If pledged foreign aid is forthcoming and tax revenues continue to flow from Israel, the economies of the West Bank and Gaza should begin to recover in 2015
The conflict in the summer of 2014 was the latest blow to economic survival in the Palestinian territories, with GDP growth in Gaza falling 15 per cent as a result of the war with Israel. The Washington-based IMF estimates that the war caused losses of $4bn, equivalent to 35 per cent of the GDP of the West Bank and Gaza.
The 51-day conflict resulted in damage to tens of thousands of homes and businesses, and utilities and key infrastructure were significantly damaged.
The vast rebuilding effort will place further stresses on Gazas economy, which was already struggling to cope with the expanding population and growing levels of unemployment.
Due to the low base rate, the IMF is forecasting GDP growth in Gaza of 7 per cent as the reconstruction efforts take place. The institution projects that the West Bank will achieve very modest growth in 2015 as a result of the resumption of transfer of revenues collected by Israel on its behalf, following their cessation in December.
The fund forecasts an overall GDP growth of 2.5 per cent in 2015 if reconstruction efforts begin to move forwards more quickly.
Due to the considerable damage caused to infrastructure during the 2014 conflict, and continued restrictions on trade and activity as a result of the dispute with Israel, it is imperative that the Palestinian Authority (PA) continues to receive aid from the international community to allow it to regain a path to economic growth.
The West Bank and Gaza are not IMF member states, and so are not eligible for support from the fund. Consequently, bilateral or multilateral aid from international states is of paramount importance.
At a donor conference held in Cairo in October 2014, spearheaded by Egypt and Norway, a host of international states pledged $5.4bn of aid for rebuilding efforts in Gaza. This included $1bn from Qatar, $200m from Kuwait and the UAE, and $212m from the US. This was followed in January by Qatar and Iraq providing $54.7m to the Palestinian Authority to support the 2015 budget.
However, it was reported in 2015 that a significant amount of the pledged aid had not yet reached Gaza. Senior officials from Norway and Egypt have said it is crucial that the funding is delivered as quickly as possible to enable the rebuilding efforts to move ahead. This has been reinforced by the IMF, which says the reconstruction is moving slower than required for the economy to begin to recover.
In addition to aid for infrastructure developments, international donors and agencies have pledged support for refugee support and job creation.

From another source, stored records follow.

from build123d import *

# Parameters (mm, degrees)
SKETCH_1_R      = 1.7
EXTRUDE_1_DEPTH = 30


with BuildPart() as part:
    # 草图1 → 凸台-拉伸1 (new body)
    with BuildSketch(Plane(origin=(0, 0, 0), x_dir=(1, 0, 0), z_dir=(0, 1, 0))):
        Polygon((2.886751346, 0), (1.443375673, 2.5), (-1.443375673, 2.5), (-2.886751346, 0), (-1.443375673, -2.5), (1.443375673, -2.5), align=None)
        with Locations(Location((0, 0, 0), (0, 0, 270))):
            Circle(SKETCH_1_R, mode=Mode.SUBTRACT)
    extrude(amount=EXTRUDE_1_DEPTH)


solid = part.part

Earlier this year, the EU announced a $5.7m aid package to help generate jobs in Gaza.
Even during 2006-13, when the Palestinian territories were achieving consistent economic growth, they were unable to adequately address the unemployment issue.
According to the IMF, unemployment rates are as high as 41 per cent in Gaza and 19 per cent in the West Bank, and current economic growth projections will not be adequate to sustain required job creation.
As with all aspects of the economy in the West Bank and Gaza, the fractious relationship with Israel continues to stifle economic development. In addition to the obvious problems caused by armed conflict, restrictions on trade and other economic barriers continue to prevent sustainable growth.
This was clearly illustrated earlier this year, when Israel announced it was freezing $127m of tax revenues collected for the PA in December in response to the authoritys move to join the International Criminal Court. The withholding of revenues led to a significant fiscal deficit occurring in the first quarter of 2015, with the PA having to borrow up to $200m from local banks to cover the shortfall.
While the transfer of tax revenues has now reportedly resumed, West Bank and Gazas lack of control over certain areas of their economies will continue to be a hurdle to long-term economic growth.
The IMF reports that the territories banking system remains healthy under the circumstances, but it is still concerned about vulnerabilities. In its latest report on the economy of the West Bank and Gaza, it highlights the fact that about 43 per cent of local banks loan portfolios are for lending to the PA and employees. The IMF also highlighted the need for the PA to introduce structural reforms to improve economic prospects.
If pledged international aid is forthcoming and the flow of tax revenues from Israel remains unaffected, the economies of the West Bank and Gaza should begin recovering in 2015. However, until a working peace agreement can be reached with Israel, long-term sustainable growth will remain an impossible prospect.